Some might not call that marketing but I do.

------
jacquesm
Making something that isn't binary into a binary discussion is a great way to
start controversy but it isn't very productive.

The truth is: Products Evolve, and marketing (which is a product in and of
itself) evolves right along.

Marketing is nowadays seen as 'ramming stuff people don't need down their
throat', whereas it used to mean to build a lasting relationship with your
current and future customers.

Spending money on marketing a product that nobody needs or wants to me is
wasted effort, but that's probably an idealistic point of view.

Still, it seems to me that marketing good products is an evolutionary process,
where both the marketing and the product continue to evolve in lockstep.

Case in point: Sony Walkman -> product came first, then the marketing,
subsequently we entered the digital age and now everybody and their brother is
buying Ipods and other digital mp3 players.

There is an unbroken chain between the product development for the walkman
(portable personal audio), initially tailoired to a single individuals needs
all the way to the current generation of flash based personal audio products.
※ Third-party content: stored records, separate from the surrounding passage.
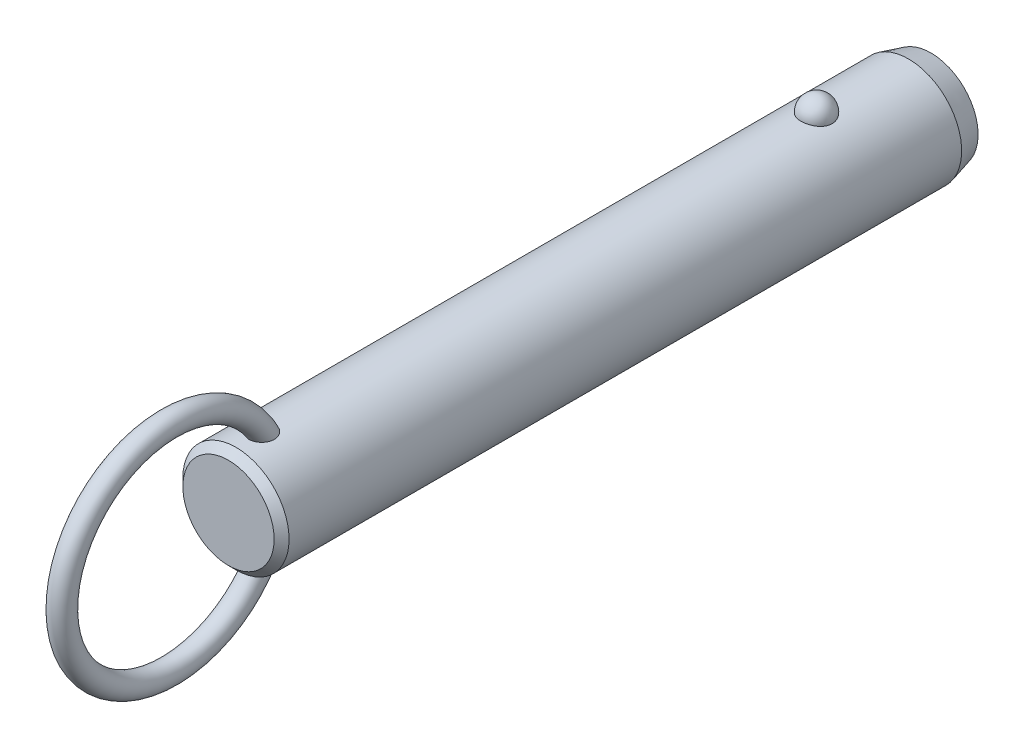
ISO-10303-21;
HEADER;
FILE_DESCRIPTION(('STEP AP214'),'2;1');
FILE_NAME('part.step','',(''),(''),'','','');
FILE_SCHEMA(('AUTOMOTIVE_DESIGN { 1 0 10303 214 1 1 1 1 }'));
ENDSEC;
DATA;
#1=APPLICATION_CONTEXT('core data for automotive mechanical design processes');
#2=APPLICATION_PROTOCOL_DEFINITION('international standard','automotive_design',2000,#1);
#3=PRODUCT_CONTEXT('',#1,'mechanical');
#4=PRODUCT('Part','Part','',(#3));
#5=PRODUCT_RELATED_PRODUCT_CATEGORY('part','',(#4));
#6=PRODUCT_DEFINITION_FORMATION('','',#4);
#7=PRODUCT_DEFINITION_CONTEXT('part definition',#1,'design');
#8=PRODUCT_DEFINITION('design','',#6,#7);
#9=PRODUCT_DEFINITION_SHAPE('','',#8);
#10=(LENGTH_UNIT() NAMED_UNIT(*) SI_UNIT(.MILLI.,.METRE.));
#11=(NAMED_UNIT(*) PLANE_ANGLE_UNIT() SI_UNIT($,.RADIAN.));
#12=(NAMED_UNIT(*) SI_UNIT($,.STERADIAN.) SOLID_ANGLE_UNIT());
#13=UNCERTAINTY_MEASURE_WITH_UNIT(LENGTH_MEASURE(1.E-05),#10,'distance_accuracy_value','');
#14=(GEOMETRIC_REPRESENTATION_CONTEXT(3) GLOBAL_UNCERTAINTY_ASSIGNED_CONTEXT((#13)) GLOBAL_UNIT_ASSIGNED_CONTEXT((#10,
#11,#12)) REPRESENTATION_CONTEXT('',''));
#15=CARTESIAN_POINT('',(0.,0.,0.));
#16=DIRECTION('',(0.,0.,1.));
#17=DIRECTION('',(1.,0.,0.));
#18=AXIS2_PLACEMENT_3D('',#15,#16,#17);
#19=CARTESIAN_POINT('',(0.,0.,68.6));
#20=DIRECTION('',(0.,0.,-1.));
#21=DIRECTION('',(-1.,0.,0.));
#22=AXIS2_PLACEMENT_3D('',#19,#20,#21);
#23=CYLINDRICAL_SURFACE('',#22,7.1);
#24=CARTESIAN_POINT('',(2.0769088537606,6.78943661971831,-2.1));
#25=CARTESIAN_POINT('',(2.07690739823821,6.78943796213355,-1.98268154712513));
#26=CARTESIAN_POINT('',(2.06738130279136,6.79237331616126,-1.86534506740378));
#27=CARTESIAN_POINT('',(2.0295040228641,6.8037853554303,-1.63400788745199));
#28=CARTESIAN_POINT('',(2.00114757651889,6.81226358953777,-1.52000812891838));
#29=CARTESIAN_POINT('',(1.92632025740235,6.83379798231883,-1.29863433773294));
#30=CARTESIAN_POINT('',(1.87985726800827,6.84685214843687,-1.19125744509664));
#31=CARTESIAN_POINT('',(1.76995205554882,6.87608091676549,-0.98604657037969));
#32=CARTESIAN_POINT('',(1.70650980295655,6.8922555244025,-0.88821260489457));
#33=CARTESIAN_POINT('',(1.5638119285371,6.92602930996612,-0.704242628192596));
#34=CARTESIAN_POINT('',(1.4844714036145,6.94363582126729,-0.618173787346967));
#35=CARTESIAN_POINT('',(1.31221746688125,6.97823658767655,-0.460740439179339));
#36=CARTESIAN_POINT('',(1.21930409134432,6.99523084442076,-0.389375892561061));
#37=CARTESIAN_POINT('',(1.02268781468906,7.02666176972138,-0.263547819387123));
#38=CARTESIAN_POINT('',(0.91902009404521,7.04110638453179,-0.209031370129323));
#39=CARTESIAN_POINT('',(0.703548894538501,7.06588726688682,-0.118163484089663));
#40=CARTESIAN_POINT('',(0.591746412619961,7.07622403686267,-0.0818098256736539));
#41=CARTESIAN_POINT('',(0.365557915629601,7.09147068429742,-0.0288711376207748));
#42=CARTESIAN_POINT('',(0.251267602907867,7.09648447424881,-0.0119070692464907));
#43=CARTESIAN_POINT('',(0.0213499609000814,7.10089837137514,0.00304925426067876));
#44=CARTESIAN_POINT('',(-0.0942772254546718,7.10029907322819,0.00104351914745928));
#45=CARTESIAN_POINT('',(-0.321651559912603,7.09360829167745,-0.0216931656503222));
#46=CARTESIAN_POINT('',(-0.433431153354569,7.08760388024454,-0.0421272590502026));
#47=CARTESIAN_POINT('',(-0.651862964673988,7.07086131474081,-0.100729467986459));
#48=CARTESIAN_POINT('',(-0.758515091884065,7.06012307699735,-0.138897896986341));
#49=CARTESIAN_POINT('',(-0.964449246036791,7.03496097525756,-0.232213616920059));
#50=CARTESIAN_POINT('',(-1.06368095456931,7.02051445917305,-0.287465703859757));
#51=CARTESIAN_POINT('',(-1.25145353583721,6.98948740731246,-0.413383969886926));
#52=CARTESIAN_POINT('',(-1.33999321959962,6.97290663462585,-0.48405186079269));
#53=CARTESIAN_POINT('',(-1.50591604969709,6.93898770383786,-0.640594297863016));
#54=CARTESIAN_POINT('',(-1.58302488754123,6.92164094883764,-0.726757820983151));
#55=CARTESIAN_POINT('',(-1.72189320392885,6.8884103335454,-0.91092752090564));
#56=CARTESIAN_POINT('',(-1.78365144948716,6.87252659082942,-1.008934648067));
#57=CARTESIAN_POINT('',(-1.89101272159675,6.84377189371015,-1.21549497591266));
#58=CARTESIAN_POINT('',(-1.93639553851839,6.83094274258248,-1.32416860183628));
#59=CARTESIAN_POINT('',(-2.00874275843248,6.81002070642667,-1.54791500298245));
#60=CARTESIAN_POINT('',(-2.03570774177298,6.80192767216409,-1.66298757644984));
#61=CARTESIAN_POINT('',(-2.07047276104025,6.7914266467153,-1.89571453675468));
#62=CARTESIAN_POINT('',(-2.07835878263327,6.78899315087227,-2.01335491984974));
#63=CARTESIAN_POINT('',(-2.07502083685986,6.79001409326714,-2.24833570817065));
#64=CARTESIAN_POINT('',(-2.06379746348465,6.7934683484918,-2.36567612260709));
#65=CARTESIAN_POINT('',(-2.02263913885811,6.80583442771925,-2.59603194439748));
#66=CARTESIAN_POINT('',(-1.99281127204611,6.81471501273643,-2.70906820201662));
#67=CARTESIAN_POINT('',(-1.91526639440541,6.83691232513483,-2.92836575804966));
#68=CARTESIAN_POINT('',(-1.8675486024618,6.85022924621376,-3.03462676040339));
#69=CARTESIAN_POINT('',(-1.75504492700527,6.87991336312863,-3.23806487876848));
#70=CARTESIAN_POINT('',(-1.69015924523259,6.89629822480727,-3.33518422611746));
#71=CARTESIAN_POINT('',(-1.54505404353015,6.93024852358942,-3.51697105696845));
#72=CARTESIAN_POINT('',(-1.46483385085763,6.94781401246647,-3.60163799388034));
#73=CARTESIAN_POINT('',(-1.29071406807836,6.98225977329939,-3.75654119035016));
#74=CARTESIAN_POINT('',(-1.19675650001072,6.99913673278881,-3.82671308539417));
#75=CARTESIAN_POINT('',(-0.997940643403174,7.03023618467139,-3.9501837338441));
#76=CARTESIAN_POINT('',(-0.89308318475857,7.04445887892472,-4.00348377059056));
#77=CARTESIAN_POINT('',(-0.676902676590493,7.06848365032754,-4.09107242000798));
#78=CARTESIAN_POINT('',(-0.565686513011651,7.0783430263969,-4.12560889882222));
#79=CARTESIAN_POINT('',(-0.338739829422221,7.09282534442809,-4.17575450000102));
#80=CARTESIAN_POINT('',(-0.223009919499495,7.09744899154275,-4.19136617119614));
#81=CARTESIAN_POINT('',(0.00707628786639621,7.10090930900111,-4.20307965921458));
#82=CARTESIAN_POINT('',(0.121410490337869,7.09986531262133,-4.19958377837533));
#83=CARTESIAN_POINT('',(0.347815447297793,7.092380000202,-4.17411564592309));
#84=CARTESIAN_POINT('',(0.459886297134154,7.08593891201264,-4.15214417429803));
#85=CARTESIAN_POINT('',(0.678084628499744,7.06838983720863,-4.09049562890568));
#86=CARTESIAN_POINT('',(0.784237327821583,7.05730369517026,-4.05090137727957));
#87=CARTESIAN_POINT('',(0.988305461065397,7.03163139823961,-3.95511447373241));
#88=CARTESIAN_POINT('',(1.08622031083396,7.01704499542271,-3.89892064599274));
#89=CARTESIAN_POINT('',(1.27284490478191,6.98562668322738,-3.77035541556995));
#90=CARTESIAN_POINT('',(1.36137372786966,6.96876135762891,-3.69772964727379));
#91=CARTESIAN_POINT('',(1.52509486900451,6.93477412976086,-3.53878279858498));
#92=CARTESIAN_POINT('',(1.60028496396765,6.91765218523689,-3.45245943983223));
#93=CARTESIAN_POINT('',(1.73681688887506,6.88465753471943,-3.26658774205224));
#94=CARTESIAN_POINT('',(1.79785966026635,6.86881574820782,-3.16681408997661));
#95=CARTESIAN_POINT('',(1.90265327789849,6.84053157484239,-2.95814408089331));
#96=CARTESIAN_POINT('',(1.94640861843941,6.82808830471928,-2.84925010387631));
#97=CARTESIAN_POINT('',(2.01274378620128,6.80881460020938,-2.63454318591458));
#98=CARTESIAN_POINT('',(2.03676193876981,6.80160856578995,-2.52920574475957));
#99=CARTESIAN_POINT('',(2.06884490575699,6.79191902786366,-2.3159172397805));
#100=CARTESIAN_POINT('',(2.07691019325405,6.78943538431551,-2.20796625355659));
#101=CARTESIAN_POINT('',(2.0769088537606,6.78943661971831,-2.1));
#102=B_SPLINE_CURVE_WITH_KNOTS('',3,(#24,#25,#26,#27,#28,#29,#30,#31,#32,#33,#34,#35,#36,#37,
#38,#39,#40,#41,#42,#43,#44,#45,#46,#47,#48,#49,#50,#51,#52,#53,#54,#55,#56,#57,#58,#59,#60,#61,
#62,#63,#64,#65,#66,#67,#68,#69,#70,#71,#72,#73,#74,#75,#76,#77,#78,#79,#80,#81,#82,#83,#84,#85,
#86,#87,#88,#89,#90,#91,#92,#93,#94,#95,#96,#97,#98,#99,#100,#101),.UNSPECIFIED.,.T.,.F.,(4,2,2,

That same chain exists between the marketing efforts that have gone into all
personal audio products.

------
aneesh
Seth, the marketer says: "If someone comes to you with a 'great' product that
just needs some marketing, the game is probably already over."

The hacker says: "If someone comes to you with a 'great' marketing plan that
just needs a product, the game is probably already over."

Can we stop taking entire disciplines for granted, and acknowledge the fact
that all ventures need to focus on both these aspects? (to varying degrees, of
course)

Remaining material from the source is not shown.